Quanto aos jogadores, a situação é idêntica. O grosso do onze do Benfica saiu da sua formação, jogadores da sua equipa B, ou contratados por tuta e meia ao mercado português. Gaitán só vai sair agora, ninguém viu Rui Costa a dar entrevistas sobre "ciclos de três anos". Chegou ao mesmo tempo que Vilas-Boas. Se tivesse chegado ao FCP já tinha saído há muito tempo. Jonas chegou grátis e sem comissão a pagar. Decidiu duas ligas. Nunca teria sido contratado. Slimani andava escondido no radar de meio mundo, Ghilas é que era o "homem". João Mario, Adrien, Renato Sanches, Gonçalo Guedes, Lindelof, Ederson, Gelson, são tudo produtos da formação. Quanto foi preciso para dar oportunidades a André Silva? Onde andam Rafa, Gonçalo e onde andarão Francisco Ramos, Victor Garcia, Verdasca e afins?

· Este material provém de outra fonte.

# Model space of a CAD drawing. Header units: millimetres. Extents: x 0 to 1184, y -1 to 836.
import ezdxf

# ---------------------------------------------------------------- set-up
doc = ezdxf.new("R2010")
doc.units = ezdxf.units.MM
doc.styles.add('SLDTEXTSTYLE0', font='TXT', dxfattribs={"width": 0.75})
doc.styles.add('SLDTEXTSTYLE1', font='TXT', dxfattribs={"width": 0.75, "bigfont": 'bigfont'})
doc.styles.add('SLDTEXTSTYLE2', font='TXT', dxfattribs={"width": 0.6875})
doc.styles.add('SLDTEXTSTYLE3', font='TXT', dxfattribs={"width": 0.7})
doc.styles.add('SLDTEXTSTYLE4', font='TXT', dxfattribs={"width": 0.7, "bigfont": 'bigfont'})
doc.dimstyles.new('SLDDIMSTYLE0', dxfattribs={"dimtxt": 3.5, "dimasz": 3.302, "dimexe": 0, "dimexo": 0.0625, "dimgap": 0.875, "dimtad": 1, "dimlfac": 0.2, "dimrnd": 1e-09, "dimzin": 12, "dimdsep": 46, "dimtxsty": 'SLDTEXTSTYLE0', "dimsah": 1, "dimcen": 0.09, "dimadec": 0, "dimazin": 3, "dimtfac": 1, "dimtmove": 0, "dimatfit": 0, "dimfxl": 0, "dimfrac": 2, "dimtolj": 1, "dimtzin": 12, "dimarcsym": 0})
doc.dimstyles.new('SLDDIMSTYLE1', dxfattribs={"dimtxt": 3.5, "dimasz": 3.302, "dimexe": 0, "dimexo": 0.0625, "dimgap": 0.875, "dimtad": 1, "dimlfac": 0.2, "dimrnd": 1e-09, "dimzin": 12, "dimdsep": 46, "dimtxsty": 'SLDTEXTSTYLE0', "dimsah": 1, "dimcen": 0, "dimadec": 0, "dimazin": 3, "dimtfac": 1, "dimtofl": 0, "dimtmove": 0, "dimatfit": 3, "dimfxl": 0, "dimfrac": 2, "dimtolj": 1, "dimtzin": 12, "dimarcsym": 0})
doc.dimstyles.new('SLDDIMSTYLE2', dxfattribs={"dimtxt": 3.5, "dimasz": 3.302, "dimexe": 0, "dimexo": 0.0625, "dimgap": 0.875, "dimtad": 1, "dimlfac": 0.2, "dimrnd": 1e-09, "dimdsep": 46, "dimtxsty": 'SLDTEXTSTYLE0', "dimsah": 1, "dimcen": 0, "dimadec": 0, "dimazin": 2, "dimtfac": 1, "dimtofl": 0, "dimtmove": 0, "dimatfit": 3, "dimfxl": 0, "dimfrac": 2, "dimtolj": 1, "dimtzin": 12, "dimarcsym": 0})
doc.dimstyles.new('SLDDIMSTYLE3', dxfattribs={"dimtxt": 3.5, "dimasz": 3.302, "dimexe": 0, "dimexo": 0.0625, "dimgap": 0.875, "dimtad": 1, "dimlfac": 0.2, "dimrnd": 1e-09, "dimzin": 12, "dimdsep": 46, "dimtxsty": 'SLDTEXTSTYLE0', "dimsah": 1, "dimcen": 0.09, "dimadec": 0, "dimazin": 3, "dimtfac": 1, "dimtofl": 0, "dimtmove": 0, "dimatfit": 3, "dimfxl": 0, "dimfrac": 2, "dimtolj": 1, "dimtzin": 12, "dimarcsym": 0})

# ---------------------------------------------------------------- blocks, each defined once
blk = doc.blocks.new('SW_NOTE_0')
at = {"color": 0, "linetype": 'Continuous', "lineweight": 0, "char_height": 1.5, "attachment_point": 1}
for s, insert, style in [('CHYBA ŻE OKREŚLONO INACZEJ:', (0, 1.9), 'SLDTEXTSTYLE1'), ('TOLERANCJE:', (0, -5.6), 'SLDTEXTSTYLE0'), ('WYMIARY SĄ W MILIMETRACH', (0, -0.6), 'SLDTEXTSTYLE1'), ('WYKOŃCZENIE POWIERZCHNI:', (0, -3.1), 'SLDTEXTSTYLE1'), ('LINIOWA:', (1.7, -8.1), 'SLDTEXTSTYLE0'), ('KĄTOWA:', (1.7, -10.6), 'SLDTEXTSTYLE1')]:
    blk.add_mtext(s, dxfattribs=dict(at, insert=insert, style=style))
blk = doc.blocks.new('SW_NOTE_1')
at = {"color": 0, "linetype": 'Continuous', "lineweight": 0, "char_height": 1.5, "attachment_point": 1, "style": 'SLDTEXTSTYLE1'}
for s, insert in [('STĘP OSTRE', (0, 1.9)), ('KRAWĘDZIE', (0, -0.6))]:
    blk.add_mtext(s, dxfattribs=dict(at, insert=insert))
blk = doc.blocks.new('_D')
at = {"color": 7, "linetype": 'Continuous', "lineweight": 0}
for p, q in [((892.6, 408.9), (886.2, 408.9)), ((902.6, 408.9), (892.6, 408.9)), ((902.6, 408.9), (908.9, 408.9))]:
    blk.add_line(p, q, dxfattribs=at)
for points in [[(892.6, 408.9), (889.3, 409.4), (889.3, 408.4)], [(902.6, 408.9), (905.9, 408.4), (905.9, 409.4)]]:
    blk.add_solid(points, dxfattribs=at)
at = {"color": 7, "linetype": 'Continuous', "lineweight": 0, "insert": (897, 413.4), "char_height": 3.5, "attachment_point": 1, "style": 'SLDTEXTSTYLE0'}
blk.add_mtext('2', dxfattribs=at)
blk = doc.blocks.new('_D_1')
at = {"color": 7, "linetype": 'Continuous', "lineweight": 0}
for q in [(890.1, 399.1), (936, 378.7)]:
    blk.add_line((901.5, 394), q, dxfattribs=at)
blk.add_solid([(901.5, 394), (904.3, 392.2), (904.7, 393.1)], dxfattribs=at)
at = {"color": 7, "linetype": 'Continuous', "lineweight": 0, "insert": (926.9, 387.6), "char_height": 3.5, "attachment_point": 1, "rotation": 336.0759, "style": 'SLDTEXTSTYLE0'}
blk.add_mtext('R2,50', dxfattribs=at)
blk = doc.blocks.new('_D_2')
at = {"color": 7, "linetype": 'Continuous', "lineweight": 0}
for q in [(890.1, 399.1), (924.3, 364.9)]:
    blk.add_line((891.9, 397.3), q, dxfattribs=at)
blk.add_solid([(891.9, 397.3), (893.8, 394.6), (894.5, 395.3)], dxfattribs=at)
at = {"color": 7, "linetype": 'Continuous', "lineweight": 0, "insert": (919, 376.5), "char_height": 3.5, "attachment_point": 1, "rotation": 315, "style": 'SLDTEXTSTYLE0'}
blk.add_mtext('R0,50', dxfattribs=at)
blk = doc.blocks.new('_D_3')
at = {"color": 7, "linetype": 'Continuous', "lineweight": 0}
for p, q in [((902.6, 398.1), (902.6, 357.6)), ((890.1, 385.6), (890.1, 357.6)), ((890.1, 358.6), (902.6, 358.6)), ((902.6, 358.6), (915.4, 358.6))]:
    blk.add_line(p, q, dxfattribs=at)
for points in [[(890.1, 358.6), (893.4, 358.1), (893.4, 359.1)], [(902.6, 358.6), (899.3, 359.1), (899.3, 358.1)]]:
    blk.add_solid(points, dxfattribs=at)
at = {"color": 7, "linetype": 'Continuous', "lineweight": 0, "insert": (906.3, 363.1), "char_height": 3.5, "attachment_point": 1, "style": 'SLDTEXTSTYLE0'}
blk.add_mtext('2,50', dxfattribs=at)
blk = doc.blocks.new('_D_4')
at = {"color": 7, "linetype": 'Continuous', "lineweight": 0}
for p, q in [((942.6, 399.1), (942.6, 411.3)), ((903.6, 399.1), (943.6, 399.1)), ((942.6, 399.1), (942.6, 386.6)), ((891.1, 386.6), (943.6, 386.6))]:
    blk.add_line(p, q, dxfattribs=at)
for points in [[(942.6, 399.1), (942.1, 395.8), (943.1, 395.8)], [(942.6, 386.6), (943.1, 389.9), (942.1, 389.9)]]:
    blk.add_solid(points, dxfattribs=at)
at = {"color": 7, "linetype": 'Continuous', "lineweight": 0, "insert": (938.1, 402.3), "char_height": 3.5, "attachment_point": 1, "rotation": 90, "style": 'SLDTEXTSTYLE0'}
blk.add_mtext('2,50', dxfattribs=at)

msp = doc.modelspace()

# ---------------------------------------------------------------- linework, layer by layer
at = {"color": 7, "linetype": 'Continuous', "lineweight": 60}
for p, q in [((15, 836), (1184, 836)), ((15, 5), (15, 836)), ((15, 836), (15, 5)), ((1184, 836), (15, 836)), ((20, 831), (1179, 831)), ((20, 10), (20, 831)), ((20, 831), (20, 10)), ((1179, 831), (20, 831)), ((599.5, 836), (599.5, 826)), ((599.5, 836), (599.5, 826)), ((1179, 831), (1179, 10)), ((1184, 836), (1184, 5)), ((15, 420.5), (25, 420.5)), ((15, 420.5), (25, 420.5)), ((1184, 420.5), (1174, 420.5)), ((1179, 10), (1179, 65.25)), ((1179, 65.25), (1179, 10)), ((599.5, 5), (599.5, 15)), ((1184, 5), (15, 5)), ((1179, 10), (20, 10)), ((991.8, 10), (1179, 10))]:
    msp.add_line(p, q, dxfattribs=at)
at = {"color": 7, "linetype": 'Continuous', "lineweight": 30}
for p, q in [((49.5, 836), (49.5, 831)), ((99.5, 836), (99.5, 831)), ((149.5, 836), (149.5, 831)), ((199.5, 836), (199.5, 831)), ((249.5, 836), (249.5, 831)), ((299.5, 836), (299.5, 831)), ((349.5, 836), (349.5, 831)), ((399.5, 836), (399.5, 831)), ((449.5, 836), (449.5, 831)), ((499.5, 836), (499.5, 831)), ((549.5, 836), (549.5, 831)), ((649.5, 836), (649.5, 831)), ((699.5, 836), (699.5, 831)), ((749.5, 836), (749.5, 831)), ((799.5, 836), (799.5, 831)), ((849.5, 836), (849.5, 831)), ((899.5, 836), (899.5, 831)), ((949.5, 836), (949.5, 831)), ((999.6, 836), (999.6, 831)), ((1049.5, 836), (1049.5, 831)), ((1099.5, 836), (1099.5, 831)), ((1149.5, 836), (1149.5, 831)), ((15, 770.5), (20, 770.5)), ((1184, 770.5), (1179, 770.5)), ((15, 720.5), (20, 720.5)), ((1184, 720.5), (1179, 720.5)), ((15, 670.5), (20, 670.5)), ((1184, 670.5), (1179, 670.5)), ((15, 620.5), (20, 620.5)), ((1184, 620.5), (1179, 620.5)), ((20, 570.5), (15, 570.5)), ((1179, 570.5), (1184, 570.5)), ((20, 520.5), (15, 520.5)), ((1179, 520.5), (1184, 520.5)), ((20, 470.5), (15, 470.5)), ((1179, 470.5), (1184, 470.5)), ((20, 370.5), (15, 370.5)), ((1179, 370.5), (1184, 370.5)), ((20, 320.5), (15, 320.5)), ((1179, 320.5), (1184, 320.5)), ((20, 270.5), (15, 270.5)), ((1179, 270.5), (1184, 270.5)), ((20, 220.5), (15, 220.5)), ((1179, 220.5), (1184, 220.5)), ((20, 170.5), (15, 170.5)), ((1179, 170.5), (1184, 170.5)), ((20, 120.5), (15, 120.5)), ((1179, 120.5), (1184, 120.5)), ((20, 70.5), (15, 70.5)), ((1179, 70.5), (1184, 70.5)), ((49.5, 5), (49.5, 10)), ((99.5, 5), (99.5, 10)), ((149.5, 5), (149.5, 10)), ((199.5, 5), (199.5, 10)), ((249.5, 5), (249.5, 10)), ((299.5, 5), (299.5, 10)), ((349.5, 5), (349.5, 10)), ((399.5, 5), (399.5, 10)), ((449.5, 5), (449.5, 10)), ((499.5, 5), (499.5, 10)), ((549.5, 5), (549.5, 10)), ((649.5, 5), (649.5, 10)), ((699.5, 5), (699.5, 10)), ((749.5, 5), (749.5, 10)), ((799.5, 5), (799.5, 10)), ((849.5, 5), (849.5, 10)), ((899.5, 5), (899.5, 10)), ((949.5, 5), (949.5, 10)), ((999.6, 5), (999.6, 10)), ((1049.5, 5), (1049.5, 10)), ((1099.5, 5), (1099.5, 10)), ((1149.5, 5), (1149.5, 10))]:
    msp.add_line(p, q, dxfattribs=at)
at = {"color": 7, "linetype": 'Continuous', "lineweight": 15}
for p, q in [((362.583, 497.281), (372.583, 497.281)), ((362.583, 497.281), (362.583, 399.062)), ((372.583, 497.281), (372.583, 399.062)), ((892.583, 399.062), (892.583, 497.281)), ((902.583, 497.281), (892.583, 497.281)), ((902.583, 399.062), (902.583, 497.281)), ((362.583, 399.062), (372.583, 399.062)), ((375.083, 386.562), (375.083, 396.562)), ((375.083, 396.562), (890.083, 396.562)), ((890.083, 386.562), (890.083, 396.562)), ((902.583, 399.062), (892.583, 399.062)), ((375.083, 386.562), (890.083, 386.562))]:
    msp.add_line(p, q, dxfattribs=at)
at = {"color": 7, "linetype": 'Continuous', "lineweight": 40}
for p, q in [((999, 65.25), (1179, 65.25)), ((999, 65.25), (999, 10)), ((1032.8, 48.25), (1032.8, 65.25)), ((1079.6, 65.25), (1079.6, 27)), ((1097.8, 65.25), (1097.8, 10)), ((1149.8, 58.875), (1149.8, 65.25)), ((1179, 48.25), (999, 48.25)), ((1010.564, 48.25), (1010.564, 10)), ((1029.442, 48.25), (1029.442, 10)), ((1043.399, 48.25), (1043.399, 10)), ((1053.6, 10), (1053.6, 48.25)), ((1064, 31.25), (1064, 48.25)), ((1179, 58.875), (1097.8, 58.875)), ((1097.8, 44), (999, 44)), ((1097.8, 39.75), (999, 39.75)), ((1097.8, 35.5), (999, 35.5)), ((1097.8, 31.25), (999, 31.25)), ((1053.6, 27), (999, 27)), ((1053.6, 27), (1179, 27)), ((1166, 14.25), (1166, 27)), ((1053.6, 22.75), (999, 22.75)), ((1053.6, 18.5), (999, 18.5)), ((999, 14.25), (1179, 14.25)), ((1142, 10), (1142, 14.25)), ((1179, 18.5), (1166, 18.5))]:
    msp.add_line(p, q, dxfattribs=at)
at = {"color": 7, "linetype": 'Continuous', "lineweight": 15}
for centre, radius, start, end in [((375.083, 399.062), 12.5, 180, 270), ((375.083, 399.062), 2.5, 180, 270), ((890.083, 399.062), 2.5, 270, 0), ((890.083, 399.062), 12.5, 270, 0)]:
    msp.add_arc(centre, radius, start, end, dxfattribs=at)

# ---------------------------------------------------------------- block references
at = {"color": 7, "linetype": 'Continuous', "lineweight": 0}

Não há uma formula mágica, apenas recuperar a mesma ideia que nos fez grande. Uma ideia que está tão actual que os presidentes que querem imitar Pinto da Costa em tudo decidiram colocá-la em prática e tiveram resultados positivos nessa abordagem. Menos vendas milionárias? Menos entrevistas ao El Pais? Sim, mas os seus clubes agradecem.
Não é assim tão dificil deixar de parte esse negócio cinzento por uns meses para ajudar o clube a voltar aos eixos, quero pensar. Mas é preciso ter essa ética portista que desapareceu.
Ao FC Porto restam-lhe apenas dois caminhos. O que está a percorrer que significará pura e simplesmente a dilapidação de trinta anos de história, a venda de jogadores que são fundamentais desportivamente e emocionalmente para ir buscar mais futebolistas comissionados, beneficiando-se dos milhões que vão entrar agora via contratos TV para viver as últimas horas de uma festa que se prolonga á anos...ou voltar a ser, pura e simplesmente, FC Porto. E ser Porto é tudo menos um chavão, é tudo aquilo que os nossos rivais querem e estão a tentar ser - com êxito - e que nada nos impede que voltemos a ser sempre e quando haja a vontade para isso mesmo. Vontade de lutar pelo clube nas batalhas fora de campo (onde o desleixo foi, quiçá, maior) e recuperar dentro dele uma ideia de clube que não só funcionou durante trinta anos como continua a funcionar, mas a sul, com os inevitáveis ajustes aos dias de hoje. Não parece ser uma escolha difícil. Chega de saudade e chega de pensar apenas no passado e no que trouxe. Há muito para ganhar, haverá muito Porto pos-PdC, pos cada um de nós. O importante é não ter de voltar a começar do zero. O importante é deixar de ter saudades do que se ganhou e trabalhar para o que falta ganhar!